一旁的高无庸看着乾隆提着朱砂笔发呆,就上来两步轻声道:“皇上,奴婢大胆启奏。乾隆对高无庸还是信赖的,看着他有话说,就问:“你要说什么?”
高无庸又凑了上去一点:“奴婢以为,这事得查。咱们别惊动皇后娘娘,只让娘娘静养着,悄悄撒出人去,在宫里各僻静隐□都看过,奴婢以为要是真是中邪,必定有什么物件儿的。”
乾隆看着高无庸,道:“你觉得有人要害皇后?”高无庸扑通一声就跪了:“皇上,皇后娘娘前儿还好好的,这风和日丽的,怎么就风邪入体了呢?奴婢大胆,不能不往那处想。奴婢也不全是担心皇后娘娘,奴婢是担心您啊!要是真有这样的丧尽天良,胆大妄为的东西,皇上,奴婢不能不往坏处想啊!”
乾隆本也有疑心,只是他是煌煌天子,没人举发的话,倒也不好自己就说着阴森诡谲的事,这回见高无庸明着说了,立时就应了,只让高无庸安排可靠人手,只说是除草杀虫,就在紫禁城八千七百零七间殿宇,十八余亩的御花园里搜,不许惊动任何一个宫的主子和奴才。

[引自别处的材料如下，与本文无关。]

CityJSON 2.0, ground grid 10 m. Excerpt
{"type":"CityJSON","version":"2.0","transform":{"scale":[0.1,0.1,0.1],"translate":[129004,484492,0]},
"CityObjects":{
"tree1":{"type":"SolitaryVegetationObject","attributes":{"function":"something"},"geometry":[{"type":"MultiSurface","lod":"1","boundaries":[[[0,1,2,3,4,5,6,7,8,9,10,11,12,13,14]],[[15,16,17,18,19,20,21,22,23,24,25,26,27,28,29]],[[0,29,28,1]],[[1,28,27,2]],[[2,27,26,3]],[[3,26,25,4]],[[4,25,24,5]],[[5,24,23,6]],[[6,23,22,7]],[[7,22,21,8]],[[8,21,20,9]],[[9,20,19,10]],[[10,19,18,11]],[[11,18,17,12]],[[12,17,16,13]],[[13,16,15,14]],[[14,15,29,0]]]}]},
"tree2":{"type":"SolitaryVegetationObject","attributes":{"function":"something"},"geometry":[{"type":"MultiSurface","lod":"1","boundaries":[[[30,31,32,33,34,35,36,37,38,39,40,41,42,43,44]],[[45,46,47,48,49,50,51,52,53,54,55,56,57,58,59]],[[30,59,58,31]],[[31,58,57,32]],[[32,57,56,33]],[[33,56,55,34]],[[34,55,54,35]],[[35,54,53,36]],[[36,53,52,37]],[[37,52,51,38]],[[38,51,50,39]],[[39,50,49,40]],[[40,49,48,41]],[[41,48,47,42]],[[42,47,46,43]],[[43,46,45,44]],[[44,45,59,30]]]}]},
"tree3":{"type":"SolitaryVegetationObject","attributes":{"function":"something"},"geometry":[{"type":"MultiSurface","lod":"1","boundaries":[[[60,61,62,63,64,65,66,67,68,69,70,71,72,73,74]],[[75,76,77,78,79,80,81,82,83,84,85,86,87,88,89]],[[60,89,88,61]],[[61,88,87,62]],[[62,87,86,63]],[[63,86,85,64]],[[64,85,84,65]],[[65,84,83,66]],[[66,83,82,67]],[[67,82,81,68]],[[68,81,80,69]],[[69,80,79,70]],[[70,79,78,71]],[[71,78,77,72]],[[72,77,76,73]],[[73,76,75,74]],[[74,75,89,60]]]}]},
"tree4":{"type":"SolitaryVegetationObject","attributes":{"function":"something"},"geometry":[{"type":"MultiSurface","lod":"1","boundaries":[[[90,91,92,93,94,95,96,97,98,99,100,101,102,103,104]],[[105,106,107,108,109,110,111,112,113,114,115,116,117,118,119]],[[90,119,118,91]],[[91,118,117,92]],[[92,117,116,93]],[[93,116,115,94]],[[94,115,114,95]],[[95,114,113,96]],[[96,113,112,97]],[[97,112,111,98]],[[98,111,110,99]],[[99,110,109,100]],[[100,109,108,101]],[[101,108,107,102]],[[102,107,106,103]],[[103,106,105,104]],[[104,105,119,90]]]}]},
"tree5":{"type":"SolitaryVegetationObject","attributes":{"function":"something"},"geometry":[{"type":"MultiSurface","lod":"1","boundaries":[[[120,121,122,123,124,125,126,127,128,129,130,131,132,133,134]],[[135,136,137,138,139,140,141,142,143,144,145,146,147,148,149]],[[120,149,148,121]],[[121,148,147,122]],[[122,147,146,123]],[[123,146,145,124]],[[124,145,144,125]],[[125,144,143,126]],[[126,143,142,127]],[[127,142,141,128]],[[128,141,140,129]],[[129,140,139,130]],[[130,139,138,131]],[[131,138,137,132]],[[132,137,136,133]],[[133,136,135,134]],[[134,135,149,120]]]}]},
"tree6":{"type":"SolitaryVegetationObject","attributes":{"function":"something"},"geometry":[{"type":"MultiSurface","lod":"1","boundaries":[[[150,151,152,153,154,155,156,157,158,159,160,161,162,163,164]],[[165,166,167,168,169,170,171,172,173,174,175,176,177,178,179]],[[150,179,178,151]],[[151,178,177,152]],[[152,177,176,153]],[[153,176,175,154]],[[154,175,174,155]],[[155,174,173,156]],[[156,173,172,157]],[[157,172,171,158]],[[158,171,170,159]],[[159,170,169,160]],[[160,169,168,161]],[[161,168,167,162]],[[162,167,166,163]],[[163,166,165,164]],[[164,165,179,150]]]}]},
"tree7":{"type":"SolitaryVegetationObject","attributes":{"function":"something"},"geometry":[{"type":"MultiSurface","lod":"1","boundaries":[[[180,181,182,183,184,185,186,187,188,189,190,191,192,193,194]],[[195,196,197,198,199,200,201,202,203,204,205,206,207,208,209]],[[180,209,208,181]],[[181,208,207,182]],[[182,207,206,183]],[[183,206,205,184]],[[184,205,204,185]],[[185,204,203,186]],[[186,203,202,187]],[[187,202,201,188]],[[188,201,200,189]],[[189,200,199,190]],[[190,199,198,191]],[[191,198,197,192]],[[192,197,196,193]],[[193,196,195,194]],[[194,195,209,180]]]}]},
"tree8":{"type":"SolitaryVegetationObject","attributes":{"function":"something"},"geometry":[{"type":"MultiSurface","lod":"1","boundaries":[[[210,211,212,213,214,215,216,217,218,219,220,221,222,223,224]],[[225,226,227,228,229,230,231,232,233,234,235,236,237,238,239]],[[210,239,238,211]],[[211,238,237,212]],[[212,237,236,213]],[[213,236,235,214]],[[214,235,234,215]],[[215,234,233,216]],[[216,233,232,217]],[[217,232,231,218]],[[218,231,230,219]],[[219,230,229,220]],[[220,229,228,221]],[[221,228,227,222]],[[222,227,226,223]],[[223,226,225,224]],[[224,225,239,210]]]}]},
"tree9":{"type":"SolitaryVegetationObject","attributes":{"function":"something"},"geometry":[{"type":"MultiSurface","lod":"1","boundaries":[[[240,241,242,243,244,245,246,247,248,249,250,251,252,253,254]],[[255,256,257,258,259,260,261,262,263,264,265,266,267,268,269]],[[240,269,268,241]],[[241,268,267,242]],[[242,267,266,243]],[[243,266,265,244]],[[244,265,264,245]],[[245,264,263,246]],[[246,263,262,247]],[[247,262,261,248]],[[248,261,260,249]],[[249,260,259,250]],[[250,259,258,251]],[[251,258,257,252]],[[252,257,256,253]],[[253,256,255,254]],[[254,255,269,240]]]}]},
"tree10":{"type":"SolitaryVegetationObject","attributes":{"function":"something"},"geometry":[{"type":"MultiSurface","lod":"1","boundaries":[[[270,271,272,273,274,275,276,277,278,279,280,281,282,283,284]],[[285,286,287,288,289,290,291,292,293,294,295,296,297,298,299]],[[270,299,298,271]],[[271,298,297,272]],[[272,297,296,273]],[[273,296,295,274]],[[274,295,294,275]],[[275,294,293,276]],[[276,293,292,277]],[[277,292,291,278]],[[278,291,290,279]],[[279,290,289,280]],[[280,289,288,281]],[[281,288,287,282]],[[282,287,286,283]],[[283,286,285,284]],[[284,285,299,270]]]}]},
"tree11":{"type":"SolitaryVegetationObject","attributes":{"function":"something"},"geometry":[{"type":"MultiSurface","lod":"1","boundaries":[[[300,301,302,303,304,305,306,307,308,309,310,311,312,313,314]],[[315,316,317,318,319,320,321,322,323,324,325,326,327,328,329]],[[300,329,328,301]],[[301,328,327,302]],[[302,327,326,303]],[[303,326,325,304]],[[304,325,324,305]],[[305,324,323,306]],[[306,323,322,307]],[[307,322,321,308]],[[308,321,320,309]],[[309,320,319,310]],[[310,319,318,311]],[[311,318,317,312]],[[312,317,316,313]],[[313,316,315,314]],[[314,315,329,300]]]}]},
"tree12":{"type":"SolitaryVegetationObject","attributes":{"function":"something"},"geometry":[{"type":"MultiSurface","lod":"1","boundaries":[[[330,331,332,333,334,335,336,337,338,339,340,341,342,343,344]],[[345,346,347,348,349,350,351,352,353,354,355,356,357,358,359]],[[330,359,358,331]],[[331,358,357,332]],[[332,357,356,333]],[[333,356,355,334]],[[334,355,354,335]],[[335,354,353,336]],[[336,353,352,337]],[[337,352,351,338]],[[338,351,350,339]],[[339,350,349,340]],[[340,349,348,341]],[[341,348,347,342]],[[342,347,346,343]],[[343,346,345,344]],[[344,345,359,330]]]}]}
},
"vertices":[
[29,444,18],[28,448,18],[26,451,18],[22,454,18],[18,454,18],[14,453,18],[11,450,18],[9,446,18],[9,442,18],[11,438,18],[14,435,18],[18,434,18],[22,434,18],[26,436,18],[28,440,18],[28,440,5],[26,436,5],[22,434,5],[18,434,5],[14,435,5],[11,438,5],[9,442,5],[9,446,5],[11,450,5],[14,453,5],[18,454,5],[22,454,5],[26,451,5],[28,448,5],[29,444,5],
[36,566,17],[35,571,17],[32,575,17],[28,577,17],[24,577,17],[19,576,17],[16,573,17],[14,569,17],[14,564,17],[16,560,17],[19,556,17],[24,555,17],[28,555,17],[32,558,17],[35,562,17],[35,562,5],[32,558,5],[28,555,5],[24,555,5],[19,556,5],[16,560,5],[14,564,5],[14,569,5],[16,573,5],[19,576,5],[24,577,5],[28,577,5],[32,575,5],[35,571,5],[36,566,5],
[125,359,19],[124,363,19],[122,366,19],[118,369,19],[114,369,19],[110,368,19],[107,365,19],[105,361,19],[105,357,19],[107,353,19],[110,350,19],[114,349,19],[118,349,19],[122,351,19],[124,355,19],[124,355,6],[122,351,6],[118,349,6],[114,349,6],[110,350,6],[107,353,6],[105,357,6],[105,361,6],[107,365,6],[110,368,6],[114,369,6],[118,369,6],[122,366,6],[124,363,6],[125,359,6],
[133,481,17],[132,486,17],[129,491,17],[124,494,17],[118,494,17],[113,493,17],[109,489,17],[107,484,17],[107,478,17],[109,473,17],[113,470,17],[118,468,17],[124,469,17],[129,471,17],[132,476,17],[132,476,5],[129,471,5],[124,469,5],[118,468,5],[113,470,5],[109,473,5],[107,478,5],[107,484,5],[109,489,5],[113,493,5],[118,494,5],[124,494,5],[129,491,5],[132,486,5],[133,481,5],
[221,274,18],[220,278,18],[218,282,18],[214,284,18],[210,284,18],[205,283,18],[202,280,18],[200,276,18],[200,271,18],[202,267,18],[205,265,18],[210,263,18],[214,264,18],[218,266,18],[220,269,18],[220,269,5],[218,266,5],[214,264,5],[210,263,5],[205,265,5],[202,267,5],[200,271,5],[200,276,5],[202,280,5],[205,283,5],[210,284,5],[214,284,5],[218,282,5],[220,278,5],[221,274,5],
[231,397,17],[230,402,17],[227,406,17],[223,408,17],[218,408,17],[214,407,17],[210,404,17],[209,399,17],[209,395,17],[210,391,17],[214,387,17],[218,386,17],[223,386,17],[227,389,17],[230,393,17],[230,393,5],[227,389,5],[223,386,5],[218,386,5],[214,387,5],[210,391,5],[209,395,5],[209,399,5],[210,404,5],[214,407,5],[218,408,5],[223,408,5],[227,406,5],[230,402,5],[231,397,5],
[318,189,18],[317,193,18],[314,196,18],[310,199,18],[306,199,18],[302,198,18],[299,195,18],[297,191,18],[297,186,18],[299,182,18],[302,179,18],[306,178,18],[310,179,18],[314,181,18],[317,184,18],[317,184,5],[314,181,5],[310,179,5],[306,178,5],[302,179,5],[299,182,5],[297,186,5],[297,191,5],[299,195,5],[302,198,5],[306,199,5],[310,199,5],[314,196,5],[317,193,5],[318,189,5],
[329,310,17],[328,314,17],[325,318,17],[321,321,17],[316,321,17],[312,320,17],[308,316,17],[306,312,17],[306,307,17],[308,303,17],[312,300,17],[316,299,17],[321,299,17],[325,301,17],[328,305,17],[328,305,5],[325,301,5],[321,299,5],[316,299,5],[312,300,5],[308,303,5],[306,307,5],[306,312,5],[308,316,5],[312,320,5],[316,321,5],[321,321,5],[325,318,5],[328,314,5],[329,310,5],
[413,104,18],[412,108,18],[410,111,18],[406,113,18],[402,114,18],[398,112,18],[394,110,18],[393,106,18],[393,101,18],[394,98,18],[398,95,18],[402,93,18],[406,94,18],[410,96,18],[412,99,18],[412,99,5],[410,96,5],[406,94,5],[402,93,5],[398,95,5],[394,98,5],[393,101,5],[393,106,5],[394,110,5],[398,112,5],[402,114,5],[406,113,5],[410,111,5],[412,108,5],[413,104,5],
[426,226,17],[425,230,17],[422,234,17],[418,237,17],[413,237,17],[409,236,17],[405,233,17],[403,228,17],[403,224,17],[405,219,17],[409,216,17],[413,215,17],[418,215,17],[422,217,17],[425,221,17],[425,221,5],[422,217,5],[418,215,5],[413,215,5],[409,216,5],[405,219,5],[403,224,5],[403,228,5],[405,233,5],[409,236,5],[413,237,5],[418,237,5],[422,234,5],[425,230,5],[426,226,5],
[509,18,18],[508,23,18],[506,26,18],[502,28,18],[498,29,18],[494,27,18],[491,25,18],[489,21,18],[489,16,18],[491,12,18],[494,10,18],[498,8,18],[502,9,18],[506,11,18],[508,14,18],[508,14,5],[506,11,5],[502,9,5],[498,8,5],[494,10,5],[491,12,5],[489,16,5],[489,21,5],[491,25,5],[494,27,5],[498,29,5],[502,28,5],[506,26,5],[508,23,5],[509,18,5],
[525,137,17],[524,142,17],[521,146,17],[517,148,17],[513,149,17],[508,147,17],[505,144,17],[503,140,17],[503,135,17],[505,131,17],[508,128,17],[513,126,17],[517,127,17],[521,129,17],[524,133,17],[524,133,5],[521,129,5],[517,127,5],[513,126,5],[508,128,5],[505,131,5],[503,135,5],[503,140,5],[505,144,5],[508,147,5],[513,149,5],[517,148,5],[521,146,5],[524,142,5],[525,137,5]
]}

高无庸领了旨,转身就下去安排。乾隆不让旁人知道,钮钴禄氏那里却是要实说的,当天就走了慈宁宫一趟。钮钴禄氏听着,虽不是很信,只是越是位高权重的人越怕死,钮钴禄氏也不例外,母子俩都是一个看法,这回害皇后,转过头就能害他们母子了!
查,一定要仔细查!
乾隆这里查是谁要害皇后。宝月楼那边也出了事。
含香自叫洛宁贬为贵人,在宝月楼禁足,乾隆爷不来打转了,如果不算上对蒙丹的思念的话,含香的心情真可以算是很好的。让她心情更好的事,也悄悄来了。
会宾楼里蒙丹,箫剑,永琪等人已经把计划拟定了,他们决定在十五阿哥满月宴这日动手。
十五阿哥的满月宴会,宫里贵人以上的妃嫔都要列席,还有在京的皇子皇女们,这个时候要是让含香扮成永琪的小太监偷偷混出来,并不是难事。
但是,要让含香配合,一定要让含香信任他们。这就需要蒙丹和小燕子的配合。由蒙丹用回语写一封信,永琪想办法把小燕子带进宫去,然后让小燕子混进宝月楼给含香送信。毕竟永琪作为成年皇子,贸然进一个从前没什么交情的被禁足的年轻妃子宫中,要是叫人看见,捅在乾隆那里,可不大好收场。
小燕子听到这个计划时,激动得脸都红了,也不计较从翰轩棋社出来之后永琪对她的冷淡,能让不疼她了的乾隆生气,能帮上很疼她的令妃娘娘的忙,小燕子兴奋地表示一定要参与。
永琪作为皇子,身边带个随从出入皇宫还是没人会留意的,小燕子虽然在宫里“声名显赫”,但是到底是格格,侍卫们不敢看她的脸,所以小燕子跟着永琪进皇宫也没人留心。她在皇宫里住着的那段时间,到处流窜,魏氏也没说过她,小燕子对于西海在哪里,该怎么走倒是门清。
在进宫前,箫剑吩咐过小燕子不要让永琪在宫里逗留时间太久,以免让人怀疑,小燕子虽然不明白,为什么永琪一个阿哥留在宫里会让人生疑,但是,箫剑是她哥哥,又是她崇拜的人,所以箫剑的说话,小燕子那是不折不扣的执行的,到了西海前,小燕子就对永琪说:“你先回去吧,我自己认识路。”